My photo
ALBERT B. CASUGA, a Philippine-born writer, lives in Mississauga, Ontario, Canada, where he continues to write poetry, fiction, and criticism after his retirement from teaching and serving as an elected member of his region's school board. He was nominated to the Mississauga Arts Council Literary Awards in 2007. A graduate of the Royal and Pontifical University of St. Thomas (now University of Santo Tomas, Manila. Literature and English, magna cum laude), he taught English and Literature (Criticism, Theory, and Creative Writing) at the Philippines' De La Salle University and San Beda College. He has authored books of poetry, short stories, literary theory and criticism. He has won awards for his works in Canada, the U.S.A., and the Philippines. His latest work, A Theory of Echoes and Other Poems was published February 2009 by the University of Santo Tomas Publishing House. His fiction and poetry were published by online literary journals Asia Writes and Coastal Poems recently. He was a Fellow at the 1972 Silliman University Writers Workshop, Philippines. As a journalist, he worked with the United Press International and wrote an art column for the defunct Philippines Herald.
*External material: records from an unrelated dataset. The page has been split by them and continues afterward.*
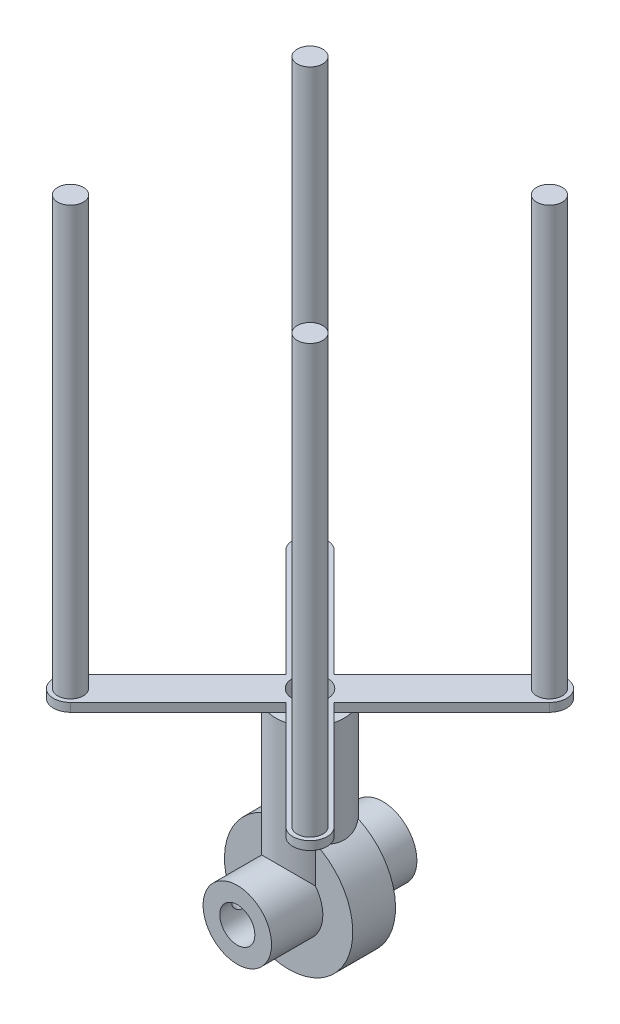
SolidWorks part; units mm, degrees
ref_plane "Front Plane" through (0, 0, 0) normal (0, 0, 1) x (1, 0, 0)
ref_plane "Top Plane" through (0, 0, 0) normal (0, 1, 0) x (1, 0, 0)
ref_plane "Right Plane" through (0, 0, 0) normal (1, 0, 0) x (0, 0, -1)
sketch "Sketch1" plane through (0, 0, 0) normal (0, 0, 1) x (1, 0, 0)
  circle A0 centre (102.3412, 36.4161) radius 7.5
  circle A1 centre (102.3412, 36.4161) radius 2.05
extrude "Boss-Extrude1" add sketch "Sketch1" along normal blind 2.5
sketch "Sketch2" plane through (0, 0, 2.5) normal (0, 0, 1) x (1, 0, 0)
  circle A0 centre (102.3412, 36.4161) radius 2.05
  circle A1 centre (102.3412, 36.4161) radius 4
extrude "Boss-Extrude2" add sketch "Sketch2" along normal blind 6
sketch "Sketch7" plane through (0, 0, 0) normal (0, 0, -1) x (-1, 0, 0)
  line L1 (-106.3412, 36.4161) -> (-102.3412, 36.4161)
  line L2 (-106.3412, 36.4161) -> (-106.3412, 55.1033)
  line L3 (-106.3412, 55.1033) -> (-102.3412, 55.1033)
  line L4 (-102.3412, 36.4161) -> (-102.3412, 55.1033)
revolve "Revolve7" add sketch "Sketch7" angle 180 about L4
sketch "Sketch8" plane through (0, 0, 0) normal (0, 0, -1) x (-1, 0, 0)
  line L0 (-104.3912, 36.4161) -> (-100.2912, 36.4161) construction
  line L1 (-102.3412, 36.4161) -> (-104.3912, 36.4161)
  line L2 (-102.3412, 36.4161) -> (-102.3412, 55.1033)
  line L3 (-102.3412, 55.1033) -> (-104.3912, 55.1033)
  line L4 (-104.3912, 36.4161) -> (-104.3912, 55.1033)
  line L5 (-98.3412, 55.1033) -> (-106.3412, 55.1033) construction
revolve "Cut-Revolve2" cut sketch "Sketch8" angle 360 about L2
sketch "Sketch9" plane through (0, 0, 0) normal (0, 0, -1) x (-1, 0, 0)
  circle A0 centre (-102.3412, 36.4161) radius 2.05
extrude "Cut-Extrude1" cut sketch "Sketch9" against normal blind 5
mirror "Mirror1" about plane through (102.3412, 36.4161, 0) normal (0, 0, 1) of "Cut-Extrude1", "Revolve7", "Boss-Extrude2", "Boss-Extrude1", "Cut-Revolve2"
sketch "Sketch10" plane through (0, 55.1033, 0) normal (0, 1, 0) x (1, 0, 0)
  line L0 (102.3412, 0) -> (88.3412, 14) construction
  line L1 (121.3412, -19) -> (83.3412, -19) construction
  line L2 (121.3412, -19) -> (121.3412, 19) construction
  line L3 (121.3412, 19) -> (83.3412, 19) construction
  line L4 (83.3412, -19) -> (83.3412, 19) construction
  line L5 (121.3412, -19) -> (83.3412, 19) construction
  line L6 (121.3412, 19) -> (83.3412, -19) construction
  line L11 (102.3412, 0) -> (116.3412, 14) construction
  line L14 (102.3412, 0) -> (116.3412, -14) construction
  line L17 (102.3412, 0) -> (88.3412, -14) construction
  line L20 (102.3412, 2.8284) -> (89.7554, 15.4142)
  line L21 (105.1696, 0) -> (117.7554, -12.5858)
  line L22 (105.1696, 0) -> (117.7554, 12.5858)
  line L23 (102.3412, -2.8284) -> (89.7554, -15.4142)
  line L24 (102.3412, -2.8284) -> (114.927, -15.4142)
  line L25 (99.5128, 0) -> (86.927, 12.5858)
  line L26 (99.5128, 0) -> (86.927, -12.5858)
  line L27 (102.3412, 2.8284) -> (114.927, 15.4142)
  arc A4 (89.7554, 15.4142) -> (86.927, 12.5858) centre (88.3412, 14) ccw
  arc A6 (117.7554, 12.5858) -> (114.927, 15.4142) centre (116.3412, 14) ccw
  arc A8 (114.927, -15.4142) -> (117.7554, -12.5858) centre (116.3412, -14) ccw
  arc A10 (86.927, -12.5858) -> (89.7554, -15.4142) centre (88.3412, -14) ccw
  circle A11 centre (102.3412, 0) radius 2.05
  point P0 (102.3412, 0)
  point P8 (95.3412, 7)
  point P18 (109.3412, 7)
  point P25 (109.3412, -7)
  point P32 (95.3412, -7)
  point P38 (102.3412, 0)
  dimension "D1" = 38
  dimension "D2" = 38
  dimension "D3" = 5
  dimension "D4" = 5
extrude "Boss-Extrude3" add sketch "Sketch10" along normal blind 1
sketch "Sketch11" plane through (0, 56.1033, 0) normal (0, 1, 0) x (1, 0, 0)
  circle A4 centre (88.3412, 14) radius 1.5
  circle A5 centre (116.3412, 14) radius 1.5
  circle A6 centre (116.3412, -14) radius 1.5
  circle A7 centre (88.3412, -14) radius 1.5
  point P11 (102.3412, 0)
extrude "Boss-Extrude4" add sketch "Sketch11" along normal blind 50
hole_wizard "M3x0.5 Tapped Hole1" positions "3DSketch1" profile "Sketch12" tap size "M3x0.5" standard "ANSI Metric"
sketch3d "3DSketch1"
  point P0 (98.588, 37.7993, 5.9237)
  point P2 (98.537, 37.6524, -5.5187)
cosmetic thread "Hole Thread1" parameters "D2"=3
cosmetic thread "Hole Thread2" parameters "D2"=3
sketch "Sketch12" plane through (98.588, 37.7993, 5.9237) normal (0, 0, 1) x (-0.3458, -0.9383, 0)
  line L0 (0, 0) -> (0, 1.95)
  line L1 (0, 1.95) -> (1.25, 1.95)
  line L2 (1.25, 1.95) -> (1.25, 0)
  line L5 (1.25, 0) -> (0, 0)
  line L11 (0, -6.35) -> (0, 107.95) construction
  dimension "Thru Tap Drill Dia." = 2.5
  dimension "Thru Tap Drill Depth" = 1.95
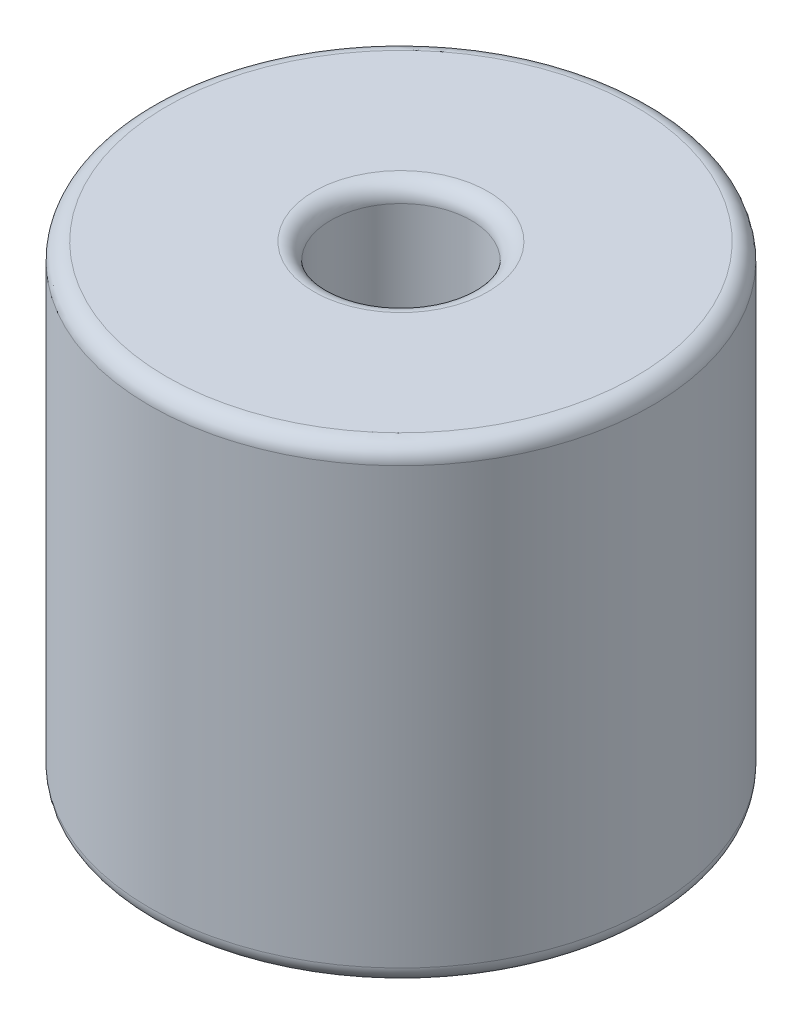
SolidWorks part; units mm, degrees
ref_plane "Front Plane" through (0, 0, 0) normal (0, 0, 1) x (1, 0, 0)
ref_plane "Top Plane" through (0, 0, 0) normal (0, 1, 0) x (1, 0, 0)
ref_plane "Right Plane" through (0, 0, 0) normal (1, 0, 0) x (0, 0, -1)
sketch "Sketch1" plane through (0, 0, 0) normal (0, 1, 0) x (1, 0, 0)
  circle A0 centre (0, 0) radius 2.1
  circle A1 centre (0, 0) radius 7.5
  dimension "D1" = 4.2
  dimension "D2" = 15
extrude "Boss-Extrude1" add sketch "Sketch1" along normal blind 14
fillet "Fillet1" radius 0.5 4 edges at (0, 0, 2.1) (0, 14, 2.1) (0, 0, 7.5) (0, 14, 7.5)
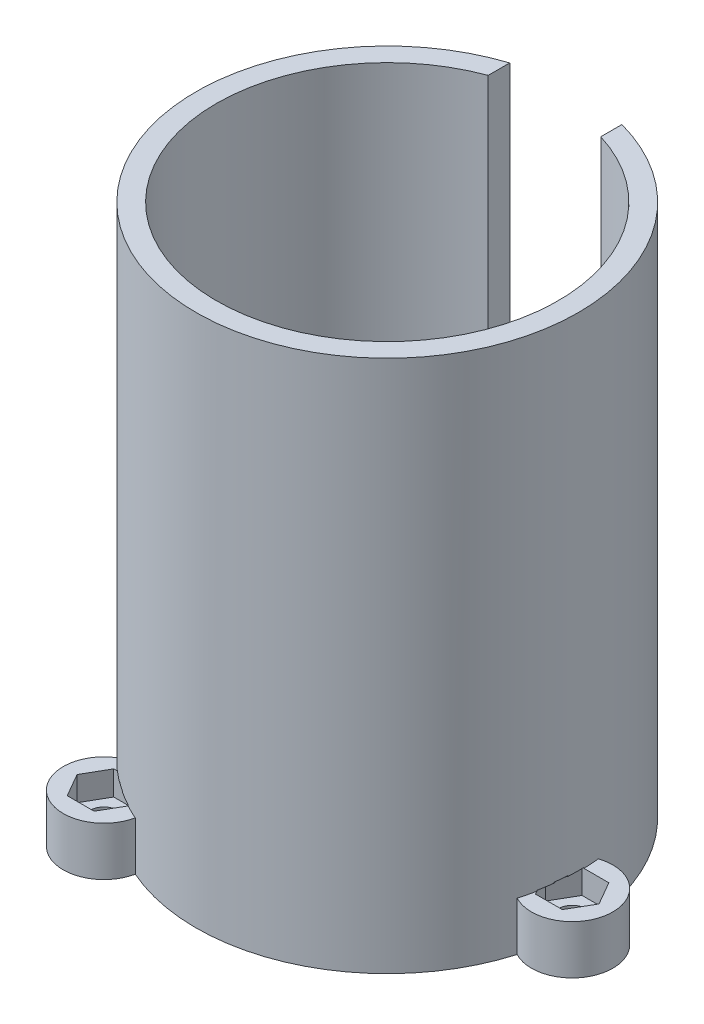
SolidWorks part; units mm, degrees
other "Removable Drive Motor Guard"
ref_plane "Front Plane" through (0, 0, 0) normal (0, 0, 1) x (1, 0, 0)
ref_plane "Top Plane" through (0, 0, 0) normal (0, 1, 0) x (1, 0, 0)
ref_plane "Right Plane" through (0, 0, 0) normal (1, 0, 0) x (0, 0, -1)
sketch3d "Wheel support rails 1 profile datum points"
  point P0 (-56.2917, -200, 0)
  point P1 (-46.2917, -200, 0)
  point P2 (-56.2917, -200, -10)
ref_plane "Wheel support rails 1 profile plane" through (0, -200, 0) normal (0, 1, 0) x (1, 0, 0)
sketch "Wheel support rails 1 profile" plane through (0, -200, 0) normal (0, 1, 0) x (1, 0, 0)
  line L0 (-19.3635, 72.5518) -> (-19.796, 72.5518)
  line L1 (-6.3465, 75.9224) -> (-6.3465, 73.3203)
  line L2 (-24.2184, 74.6449) -> (-27.9139, 74.6449)
  line L3 (-22.4092, 80.8581) -> (-22.4092, 77.4669)
  line L4 (-18.2872, 77.3449) -> (-19.796, 77.3449)
  line L5 (-19.796, 77.3449) -> (-19.796, 72.5518)
  arc A0 (-23.7947, 70.9547) -> (-19.3635, 72.5518) centre (-23.0746, 75.9026) ccw
  arc A1 (-23.7947, 70.9547) -> (-26.6985, 37.7638) centre (-12.5092, 53.2449) ccw
  circle A2 centre (12.3957, 51.066) radius 1.7
  circle A3 centre (-26.8486, 32.7661) radius 1.7
  arc A4 (-22.2036, 34.6164) -> (-26.6985, 37.7638) centre (-26.8486, 32.7661) ccw
  arc A5 (-22.2036, 34.6164) -> (7.9925, 48.6971) centre (-12.5092, 53.2449) ccw
  arc A6 (8.4707, 54.1635) -> (7.9925, 48.6971) centre (12.3957, 51.066) ccw
  arc A7 (8.4707, 54.1635) -> (-6.3465, 73.3203) centre (-12.5092, 53.2449) ccw
  arc A8 (10.8492, 55.8208) -> (-6.3465, 75.9224) centre (-12.5092, 53.2449) ccw
  arc A9 (10.047, 46.6519) -> (10.8492, 55.8208) centre (12.3957, 51.066) ccw
  arc A10 (-21.9576, 31.728) -> (10.047, 46.6519) centre (-12.5092, 53.2449) ccw
  arc A11 (-29.497, 37.0071) -> (-21.9576, 31.728) centre (-26.8486, 32.7661) ccw
  arc A12 (-26.4192, 72.1859) -> (-29.497, 37.0071) centre (-12.5092, 53.2449) ccw
  arc A13 (-27.9139, 74.6449) -> (-26.4192, 72.1859) centre (-23.0746, 75.9026) ccw
  arc A14 (-24.2184, 74.6449) -> (-22.4092, 77.4669) centre (-23.0746, 75.9026) ccw
  arc A15 (-18.2872, 77.3449) -> (-22.4092, 80.8581) centre (-23.0746, 75.9026) ccw
extrude "Wheel support rails 1 extrusion" add sketch "Wheel support rails 1 profile" along normal blind 3 separate body
sketch3d "Wheel support rails 2 profile datum points"
  point P0 (-56.2917, -197, 0)
  point P1 (-46.2917, -197, 0)
  point P2 (-56.2917, -197, -10)
ref_plane "Wheel support rails 2 profile plane" through (0, -197, 0) normal (0, 1, 0) x (1, 0, 0)
sketch "Wheel support rails 2 profile" plane through (0, -197, 0) normal (0, 1, 0) x (1, 0, 0)
  line L0 (-19.3635, 72.5518) -> (-19.796, 72.5518)
  line L1 (9.0957, 51.066) -> (10.7457, 53.9239)
  line L2 (10.7457, 48.2081) -> (9.0957, 51.066)
  line L3 (10.7457, 53.9239) -> (14.0457, 53.9239)
  line L4 (14.0457, 48.2081) -> (10.7457, 48.2081)
  line L5 (14.0457, 53.9239) -> (15.6957, 51.066)
  line L6 (15.6957, 51.066) -> (14.0457, 48.2081)
  line L7 (-30.1486, 32.7661) -> (-28.4986, 35.624)
  line L8 (-28.4986, 29.9082) -> (-30.1486, 32.7661)
  line L9 (-28.4986, 35.624) -> (-25.1986, 35.624)
  line L10 (-25.1986, 29.9082) -> (-28.4986, 29.9082)
  line L11 (-25.1986, 35.624) -> (-23.5486, 32.7661)
  line L12 (-23.5486, 32.7661) -> (-25.1986, 29.9082)
  line L13 (-6.3465, 75.9224) -> (-6.3465, 73.3203)
  line L14 (-24.7246, 73.0447) -> (-25.6485, 74.6449)
  line L15 (-21.4246, 73.0447) -> (-24.7246, 73.0447)
  line L16 (-25.6485, 74.6449) -> (-27.9139, 74.6449)
  line L17 (-19.796, 75.8655) -> (-21.4246, 73.0447)
  line L18 (-22.4092, 78.7605) -> (-21.4246, 78.7605)
  line L19 (-22.4092, 80.8581) -> (-22.4092, 78.7605)
  line L20 (-21.4246, 78.7605) -> (-19.796, 75.9396)
  line L21 (-19.796, 77.3449) -> (-19.796, 75.9396)
  line L22 (-19.796, 75.8655) -> (-19.796, 72.5518)
  line L23 (-18.2872, 77.3449) -> (-19.796, 77.3449)
  arc A0 (-23.7947, 70.9547) -> (-19.3635, 72.5518) centre (-23.0746, 75.9026) ccw
  arc A1 (-23.7947, 70.9547) -> (-26.6985, 37.7638) centre (-12.5092, 53.2449) ccw
  arc A2 (-22.2036, 34.6164) -> (-26.6985, 37.7638) centre (-26.8486, 32.7661) ccw
  arc A3 (-22.2036, 34.6164) -> (7.9925, 48.6971) centre (-12.5092, 53.2449) ccw
  arc A4 (8.4707, 54.1635) -> (7.9925, 48.6971) centre (12.3957, 51.066) ccw
  arc A5 (8.4707, 54.1635) -> (-6.3465, 73.3203) centre (-12.5092, 53.2449) ccw
  arc A6 (10.8492, 55.8208) -> (-6.3465, 75.9224) centre (-12.5092, 53.2449) ccw
  arc A7 (10.047, 46.6519) -> (10.8492, 55.8208) centre (12.3957, 51.066) ccw
  arc A8 (-21.9576, 31.728) -> (10.047, 46.6519) centre (-12.5092, 53.2449) ccw
  arc A9 (-29.497, 37.0071) -> (-21.9576, 31.728) centre (-26.8486, 32.7661) ccw
  arc A10 (-26.4192, 72.1859) -> (-29.497, 37.0071) centre (-12.5092, 53.2449) ccw
  arc A11 (-27.9139, 74.6449) -> (-26.4192, 72.1859) centre (-23.0746, 75.9026) ccw
  arc A12 (-18.2872, 77.3449) -> (-22.4092, 80.8581) centre (-23.0746, 75.9026) ccw
extrude "Wheel support rails 2 extrusion" add sketch "Wheel support rails 2 profile" along normal blind 3
sketch3d "Wheel support rails 3 profile datum points"
  point P0 (-56.2917, -194, 0)
  point P1 (-46.2917, -194, 0)
  point P2 (-56.2917, -194, -10)
ref_plane "Wheel support rails 3 profile plane" through (0, -194, 0) normal (0, 1, 0) x (1, 0, 0)
sketch "Wheel support rails 3 profile" plane through (0, -194, 0) normal (0, 1, 0) x (1, 0, 0)
  line L0 (9.0957, 51.066) -> (10.7457, 53.9239)
  line L1 (10.5252, 48.59) -> (9.0957, 51.066)
  line L2 (10.7457, 53.9239) -> (10.981, 53.9239)
  line L3 (-28.0576, 35.624) -> (-25.1986, 35.624)
  line L4 (-25.1986, 35.624) -> (-23.5486, 32.7661)
  line L5 (-23.5486, 32.7661) -> (-23.6663, 32.5623)
  line L6 (-6.3465, 75.9224) -> (-6.3465, 73.3203)
  line L7 (-19.796, 75.5866) -> (-19.796, 72.9401)
  line L8 (-19.9951, 75.5207) -> (-21.4246, 73.0447)
  line L9 (-24.7246, 73.0447) -> (-24.8423, 73.2485)
  line L10 (-21.4246, 73.0447) -> (-24.7246, 73.0447)
  arc A0 (-23.6663, 32.5623) -> (10.5252, 48.59) centre (-12.5092, 53.2449) ccw
  arc A1 (10.981, 53.9239) -> (-6.3465, 75.9224) centre (-12.5092, 53.2449) ccw
  arc A2 (-24.8423, 73.2485) -> (-28.0576, 35.624) centre (-12.5092, 53.2449) ccw
  arc A3 (-19.796, 72.9401) -> (-6.3465, 73.3203) centre (-12.5092, 53.2449) ccw
  arc A4 (-19.796, 75.5866) -> (-19.9951, 75.5207) centre (-12.5092, 53.2449) ccw
extrude "Wheel support rails 3 extrusion" add sketch "Wheel support rails 3 profile" along normal blind 0.1
sketch3d "Wheel support rails 4 profile datum points"
  point P0 (-56.2917, -193.9, 0)
  point P1 (-46.2917, -193.9, 0)
  point P2 (-56.2917, -193.9, -10)
ref_plane "Wheel support rails 4 profile plane" through (0, -193.9, 0) normal (0, 1, 0) x (1, 0, 0)
sketch "Wheel support rails 4 profile" plane through (0, -193.9, 0) normal (0, 1, 0) x (1, 0, 0)
  line L0 (-6.3465, 75.9224) -> (-6.3465, 73.3203)
  line L1 (-19.796, 75.5866) -> (-19.796, 72.9401)
  arc A0 (10.9562, 51.9704) -> (10.821, 50.4253) centre (12.3957, 51.066) ccw
  arc A1 (10.9562, 51.9704) -> (-6.3465, 75.9224) centre (-12.5092, 53.2449) ccw
  arc A2 (-25.3456, 33.5605) -> (10.821, 50.4253) centre (-12.5092, 53.2449) ccw
  arc A3 (-25.3456, 33.5605) -> (-26.6162, 34.4501) centre (-26.8486, 32.7661) ccw
  arc A4 (-23.1382, 74.2038) -> (-26.6162, 34.4501) centre (-12.5092, 53.2449) ccw
  arc A5 (-19.796, 72.9401) -> (-6.3465, 73.3203) centre (-12.5092, 53.2449) ccw
  arc A6 (-19.796, 75.5866) -> (-21.7324, 74.8593) centre (-12.5092, 53.2449) ccw
  arc A7 (-23.1382, 74.2038) -> (-21.7324, 74.8593) centre (-23.0746, 75.9026) ccw
extrude "Wheel support rails 4 extrusion" add sketch "Wheel support rails 4 profile" along normal blind 0.1
sketch3d "Pivot backing 5 profile datum points"
  point P0 (-56.2917, -193.8, 0)
  point P1 (-46.2917, -193.8, 0)
  point P2 (-56.2917, -193.8, -10)
ref_plane "Pivot backing 5 profile plane" through (0, -193.8, 0) normal (0, 1, 0) x (1, 0, 0)
sketch "Pivot backing 5 profile" plane through (0, -193.8, 0) normal (0, 1, 0) x (1, 0, 0)
  line L0 (-6.3465, 75.9224) -> (-6.3465, 73.3203)
  line L1 (-19.796, 75.5866) -> (-19.796, 72.9401)
  arc A0 (-19.796, 75.5866) -> (-6.3465, 75.9224) centre (-12.5092, 53.2449) ccw
  arc A1 (-19.796, 72.9401) -> (-6.3465, 73.3203) centre (-12.5092, 53.2449) ccw
extrude "Pivot backing 5 extrusion" add sketch "Pivot backing 5 profile" along normal blind 59.3

Wednesday, September 7, 2011

A CODE OF SILENCE



A CODE OF SILENCE 



Let yourself down/with knotted bedsheets, gingerly, /through what used to pass for moonlight/in the age of aluminum. --- From “Sleeper Cell” by Dave Bonta, Via Negativa, 09-05-11 



Who will tell you, or know what to tell you,
what you have been pieced together for?
 

Were you not made to wait for that one call?
Words, numbers, cannot be trusted. Silence.
 

That would be your only language. Muted. Wait
in resigned silence, like the alloyed moonlight
 

slipping past your silken bivouac into another
night of waiting for a Silence on the sheets.
 

No one is on this, no codes to break were made;
nothing works except silence, suppliant/defiant. 

When your call comes, pray do not use the door,
but climb down your cell from your window sill,
 

clambering down clutching knotted sheets, like
the cat thief descending on an airborne carpet.
 

Against the obscured cookie moon, your shadow
disappears. This time, keep your grave’s silence.